To end on a sweet but sad note, we bid farewell to, and bang the drum slowly for, Clevelander John Adams, who died on Monday at 71. He worked at AT&T as a systems analyst and quality manager for 40 years, but we hail him today because he banged a bass drum in the bleachers at Indians games for close to 50 years — at over 3,700 home games.

He began playing the drums when he was nine. And on August 24, 1973, when he was 21, Adams asked for permission from the Indians to bring his drum to the game. It was granted but he was told not to disturb anyone. He only started beating it when a drunk fan challenged him to. Once he began, the crowd started clapping to his beat and he was credited with rattling the opposing pitcher. From that day on, until the pandemic and health issues quieted him, he was a fixture at Cleveland homes games.

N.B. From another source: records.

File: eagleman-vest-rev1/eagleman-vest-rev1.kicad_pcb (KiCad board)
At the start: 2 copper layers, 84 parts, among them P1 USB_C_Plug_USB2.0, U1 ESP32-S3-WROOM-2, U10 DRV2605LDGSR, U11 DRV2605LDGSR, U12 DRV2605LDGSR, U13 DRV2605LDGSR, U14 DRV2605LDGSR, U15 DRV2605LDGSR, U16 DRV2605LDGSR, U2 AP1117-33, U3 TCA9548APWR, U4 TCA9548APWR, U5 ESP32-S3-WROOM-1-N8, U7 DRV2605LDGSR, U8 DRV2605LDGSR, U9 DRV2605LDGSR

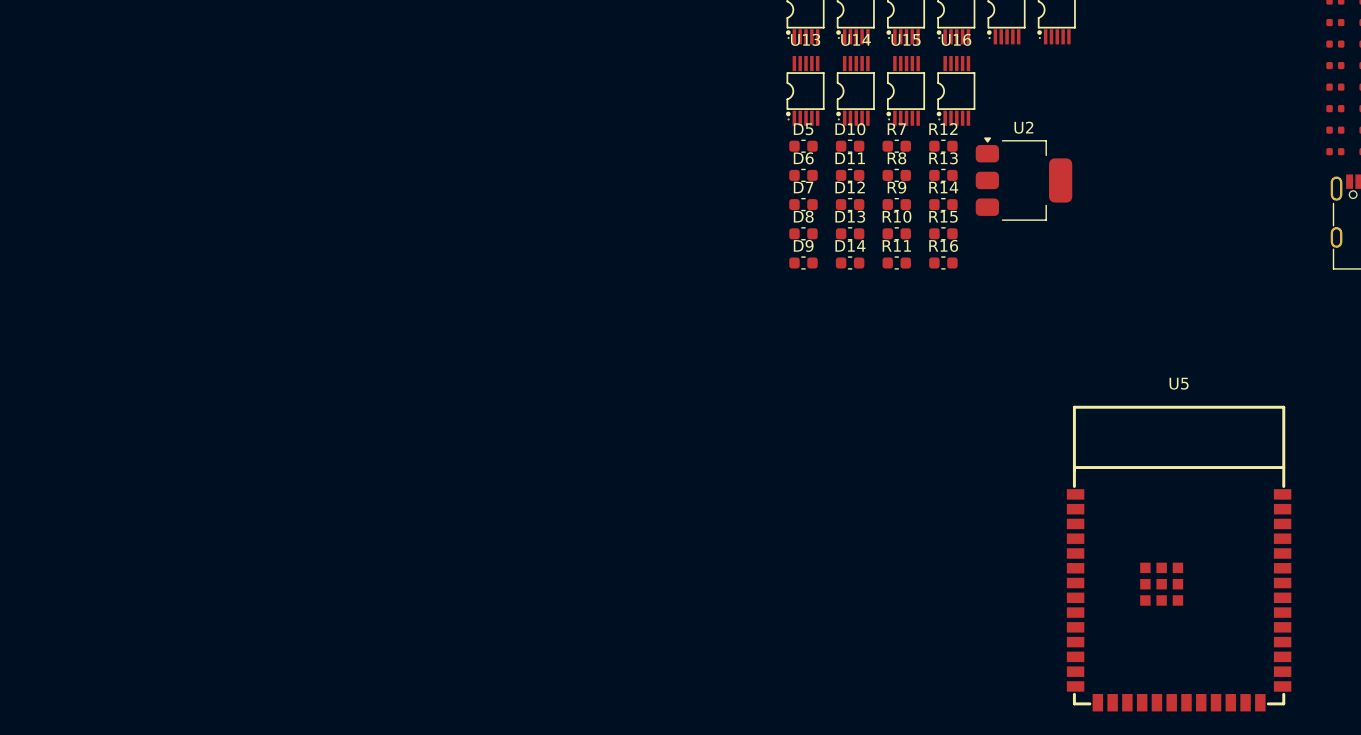
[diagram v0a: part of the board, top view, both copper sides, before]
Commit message: removed duplicate esp32 - why is its footprint not gone?
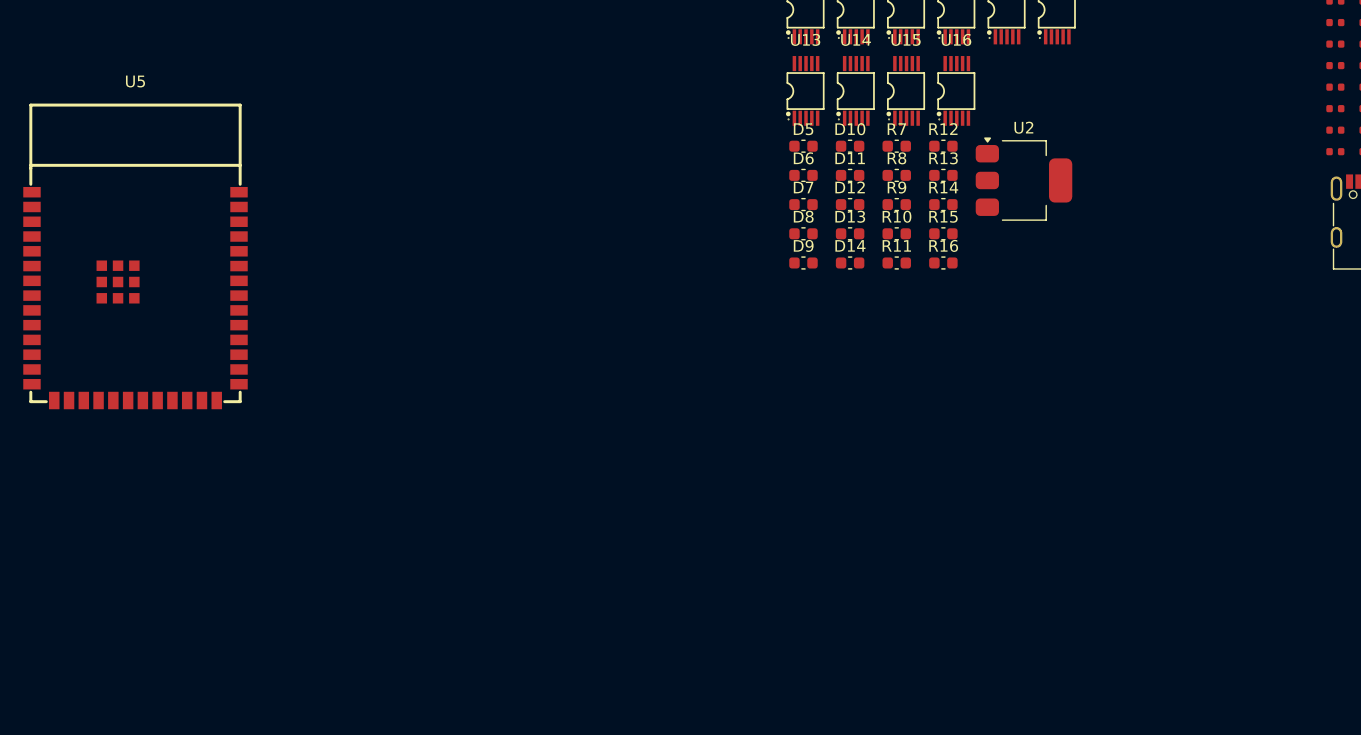
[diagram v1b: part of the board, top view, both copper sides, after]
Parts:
- moved U5 93.4 mm to (70.1, 140.6)
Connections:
- P1 pad A7: Net-(P1-D-) -> Net-(D14-A)
- U1 pad 1: Net-(U1-GND-Pad1) -> GND
- U1 pad 13: Net-(P1-D-) -> Net-(D14-A)
- U1 pad 22: unconnected-(U1-IO14-Pad22) -> /GPIOEN
- U1 pad 23: unconnected-(U1-IO21-Pad23) -> /f1-reset
- U1 pad 31: unconnected-(U1-IO38-Pad31) -> /f2-reset
- U1 pad 40: Net-(U1-GND-Pad1) -> GND
- U1 pad 41: Net-(U1-GND-Pad1) -> GND
- U1 pad 8: unconnected-(U1-IO15-Pad8) -> scl
- U1 pad 9: unconnected-(U1-IO16-Pad9) -> sda
- U3 pad 3: Net-(U3-RESET#) -> /f2-reset
- U4 pad 3: Net-(U4-RESET#) -> /f1-reset

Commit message: started routing
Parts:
- removed D10, D11, D12, D13, D14, D5, D6, D7, D8, D9: LED, Capacitor_SMD:C_0603_1608Metric
- removed R10, R11, R12, R13, R14, R15, R16, R8, R9: 220, Capacitor_SMD:C_0603_1608Metric
- removed U1: ESP32-S3-WROOM-2, RF_Module:ESP32-S3-WROOM-2
- added C14: 100nF, Capacitor_SMD:C_0603_1608Metric, F.Cu at (196.0, 79.0)
- added D31: LED, Capacitor_SMD:C_0603_1608Metric, F.Cu at (137.3, 40.0)
- added D32: LED, Capacitor_SMD:C_0603_1608Metric, F.Cu at (137.3, 42.5)
- added D33: LED, Capacitor_SMD:C_0603_1608Metric, F.Cu at (137.3, 45.0)
- added D34: LED, Capacitor_SMD:C_0603_1608Metric, F.Cu at (137.3, 47.5)
- added D35: LED, Capacitor_SMD:C_0603_1608Metric, F.Cu at (137.3, 50.0)
- added D36: LED, Capacitor_SMD:C_0603_1608Metric, F.Cu at (141.3, 40.0)
- added D37: LED, Capacitor_SMD:C_0603_1608Metric, F.Cu at (141.3, 42.5)
- added D38: LED, Capacitor_SMD:C_0603_1608Metric, F.Cu at (141.3, 45.0)
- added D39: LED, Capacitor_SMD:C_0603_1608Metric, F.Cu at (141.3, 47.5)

Owl Chatter is pleased to note it was in attendance at a handful of those games over the years.

At a home game in 2006, the team gave away bobblehead dolls modeled on Adams with a drum and moveable arms. In 2012, Great Lakes Brewing introduced Rally Drum Red Ale in his honor. And just last year, on the 49th anniversary of his first “performance,” he was inducted into the team’s Hall of Fame. A sculptor created a bronze replica of his drum and it was affixed to his bleacher bench and installed in the team’s Hall of Fame area behind center field.

“There’s nothing like being down at the ballpark,” he said. “Because it’s more than just the game.”

Amen to that, John Adams. Rest in peace.


Good night, everybody! See you tomorrow.